In recent years, high lithium ion conducting solid electrolytes have appealed to many researchers due to their outstanding performance in safety and electrochemical stability in comparison to the flammable liquid electrolyte, which is widely used in current lithium-ion batteries¹. A large number of solid electrolytes have been reported over the past several decades such as Li₃N, Li_3.25P_0.95S₄, Li₁₀GeP₂S_12, Li_1.4Al_0.4Ge_0.2Ti_1.6(PO₄)₃ and Li₇La₃Zr₂O₁₂ whose electrical conductivities are all more than 10^-4 S cm^-1 at 25 ^oC. Among them, Li_1.4Al_0.4Ge_0.2Ti_1.6(PO₄)₃ (LAGTP) exhibits the most prominent potential as an electrolyte in various kinds of batteries because of its high conductivity (10^-3 S cm^-1 at room temperature), excellent stability in atmosphere, and the ease with which it can be prepared into thin films²; however, the main obstacle to its development and application in batteries is the instability of the interface between LAGTP and lithium electrode, which is attributed to the reduction reaction of Ti⁴⁺ by metal lithium. Li₃N and polymer protective layers are typically introduced into the architecture design of electrolytes to address this problem by spatially separating LAGTP and lithium electrode. Even though polymer electrolytes are well known for their relatively low conductivity at room temperature, their brief and adjustable preparation process is still considered as a major advantage.

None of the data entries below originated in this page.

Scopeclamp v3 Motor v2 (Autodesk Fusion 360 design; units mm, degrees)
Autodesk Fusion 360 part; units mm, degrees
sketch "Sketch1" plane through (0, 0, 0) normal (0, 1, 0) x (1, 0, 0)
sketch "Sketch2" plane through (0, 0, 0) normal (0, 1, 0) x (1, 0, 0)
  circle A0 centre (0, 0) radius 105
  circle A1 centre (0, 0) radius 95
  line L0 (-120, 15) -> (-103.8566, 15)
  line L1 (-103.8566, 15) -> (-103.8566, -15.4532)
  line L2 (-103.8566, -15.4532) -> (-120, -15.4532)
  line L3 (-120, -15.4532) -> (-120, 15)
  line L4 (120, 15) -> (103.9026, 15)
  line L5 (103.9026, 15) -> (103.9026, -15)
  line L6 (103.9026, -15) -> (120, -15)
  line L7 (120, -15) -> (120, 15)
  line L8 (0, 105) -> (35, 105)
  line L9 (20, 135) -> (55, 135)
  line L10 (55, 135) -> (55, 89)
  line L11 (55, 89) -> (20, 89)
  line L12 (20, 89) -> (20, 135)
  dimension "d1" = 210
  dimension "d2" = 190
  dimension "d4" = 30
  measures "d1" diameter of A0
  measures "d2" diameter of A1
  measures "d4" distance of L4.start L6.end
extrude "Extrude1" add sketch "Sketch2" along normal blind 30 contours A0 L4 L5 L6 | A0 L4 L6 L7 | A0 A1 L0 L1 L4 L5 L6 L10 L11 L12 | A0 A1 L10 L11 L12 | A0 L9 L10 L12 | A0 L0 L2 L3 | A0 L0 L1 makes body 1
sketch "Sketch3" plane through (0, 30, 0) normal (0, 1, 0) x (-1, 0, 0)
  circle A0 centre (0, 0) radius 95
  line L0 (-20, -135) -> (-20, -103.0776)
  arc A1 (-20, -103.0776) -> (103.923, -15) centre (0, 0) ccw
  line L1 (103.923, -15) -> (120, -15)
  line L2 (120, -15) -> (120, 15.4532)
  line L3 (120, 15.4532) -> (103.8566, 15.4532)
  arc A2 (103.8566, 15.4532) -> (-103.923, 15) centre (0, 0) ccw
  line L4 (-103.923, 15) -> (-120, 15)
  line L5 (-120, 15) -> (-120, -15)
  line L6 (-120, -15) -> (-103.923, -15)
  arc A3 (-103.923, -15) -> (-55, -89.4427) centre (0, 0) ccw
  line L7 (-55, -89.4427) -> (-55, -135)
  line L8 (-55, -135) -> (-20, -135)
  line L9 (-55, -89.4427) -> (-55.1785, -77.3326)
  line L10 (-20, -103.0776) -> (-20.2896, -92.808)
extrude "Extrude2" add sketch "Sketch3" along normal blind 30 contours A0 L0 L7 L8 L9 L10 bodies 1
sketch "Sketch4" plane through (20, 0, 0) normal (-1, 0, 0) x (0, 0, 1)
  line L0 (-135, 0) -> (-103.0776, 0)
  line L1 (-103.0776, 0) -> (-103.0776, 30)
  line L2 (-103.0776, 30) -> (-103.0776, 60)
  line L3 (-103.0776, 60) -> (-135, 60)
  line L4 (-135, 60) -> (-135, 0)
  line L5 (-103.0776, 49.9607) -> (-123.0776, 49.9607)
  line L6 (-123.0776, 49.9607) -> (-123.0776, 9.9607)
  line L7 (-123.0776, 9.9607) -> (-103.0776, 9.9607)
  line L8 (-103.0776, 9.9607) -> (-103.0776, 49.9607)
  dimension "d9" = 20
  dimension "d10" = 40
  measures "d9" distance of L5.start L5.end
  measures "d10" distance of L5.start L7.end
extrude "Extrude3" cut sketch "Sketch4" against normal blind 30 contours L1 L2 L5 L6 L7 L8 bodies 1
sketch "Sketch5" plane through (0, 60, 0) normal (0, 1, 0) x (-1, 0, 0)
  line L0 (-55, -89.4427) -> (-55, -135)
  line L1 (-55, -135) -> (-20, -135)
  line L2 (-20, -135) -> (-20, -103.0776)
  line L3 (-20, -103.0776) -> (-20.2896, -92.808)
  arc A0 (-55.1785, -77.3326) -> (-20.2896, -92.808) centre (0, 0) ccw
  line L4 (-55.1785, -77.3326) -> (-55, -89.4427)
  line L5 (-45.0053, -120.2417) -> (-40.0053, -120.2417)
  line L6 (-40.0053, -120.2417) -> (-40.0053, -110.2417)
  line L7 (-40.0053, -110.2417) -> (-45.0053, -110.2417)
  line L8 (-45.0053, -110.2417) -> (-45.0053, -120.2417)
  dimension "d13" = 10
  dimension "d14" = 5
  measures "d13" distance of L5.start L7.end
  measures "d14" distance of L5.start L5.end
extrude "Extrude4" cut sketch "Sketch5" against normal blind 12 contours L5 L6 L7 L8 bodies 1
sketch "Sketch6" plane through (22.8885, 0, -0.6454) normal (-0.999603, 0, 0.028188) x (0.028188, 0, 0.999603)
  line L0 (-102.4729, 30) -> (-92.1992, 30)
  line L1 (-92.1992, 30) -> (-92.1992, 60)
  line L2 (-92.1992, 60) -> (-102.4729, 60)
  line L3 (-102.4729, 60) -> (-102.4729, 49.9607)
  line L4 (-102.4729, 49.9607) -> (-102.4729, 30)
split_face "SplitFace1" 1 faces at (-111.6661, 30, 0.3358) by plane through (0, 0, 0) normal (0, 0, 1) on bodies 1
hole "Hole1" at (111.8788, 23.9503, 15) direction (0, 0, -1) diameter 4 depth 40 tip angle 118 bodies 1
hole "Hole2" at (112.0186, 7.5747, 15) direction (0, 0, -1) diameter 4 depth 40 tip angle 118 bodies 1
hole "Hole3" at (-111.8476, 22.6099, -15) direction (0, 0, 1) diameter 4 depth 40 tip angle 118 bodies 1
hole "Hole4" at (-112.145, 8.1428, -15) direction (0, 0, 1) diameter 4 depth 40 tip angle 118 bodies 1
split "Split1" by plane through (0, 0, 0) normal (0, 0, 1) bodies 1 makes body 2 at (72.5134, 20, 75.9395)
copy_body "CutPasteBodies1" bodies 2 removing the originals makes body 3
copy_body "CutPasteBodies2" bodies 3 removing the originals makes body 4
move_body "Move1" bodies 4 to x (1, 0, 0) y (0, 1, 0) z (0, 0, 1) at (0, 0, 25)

In this study, a novel composite electrolyte of lithium stable polymer and water impermeable LAGTP was proposed. This composite solid electrolyte consisted of a thin lithium stable polyethylene oxide (PEO) based polymer film and a high lithium ion conducting LAGTP film. The LAGTP film was prepared via the tape casting method in which the preceding fine powder was synthesized via the sol-gel method. Afterwards, epoxy resin gradually grew in the pores of the LAGTP film through polymerization with polymer monomers at 170 ^oC for 24 hours. A PEO solution dispersed in acetonitrile with lithium bis(fluorosulfonyl)imide (LiFSI), tetraethylene glycol dimethyl ether (G4) and the fine powder of BaTiO₃ was gradually dropped on the surface of the LAGTP films, where the mole ratio of PEO/LiFSI/G4 was 8/1/2 and the content of BaTiO₃ was 10 wt%. The composite solid electrolyte with 4 wt% PEO based electrolyte showed a high electrical conductivity of about 1×10^-4 S cm^-1 at 25 ^oC and 6×10^-4 S cm^-1 at 60 ^oC. The composite electrolytes also displayed a good stability with metal lithium and suppressed the formation of the lithium dendrite in the cell of Lithium/composite electrolyte of PEO coated LAGTP/Lithium at 1.0 mA cm^-2for 40 h at room temperature. This lithium-stable and water-insensitive composite solid electrolyte with high ion conductivity is most likely to become an attractive candidate for all solid lithium batteries and lithium-air batteries in the near future.

References:

(1) B. Scrosati, J. Garche, J. Power Sources, 195, 2419 (2010).

(2) P. Zhang, H. Wang, Y-G. Lee, M. Matsui, Y. Takeda, O. Yamamoto, N. Imanishi, J. Electorchem. Soc., 162, A1265 (2015).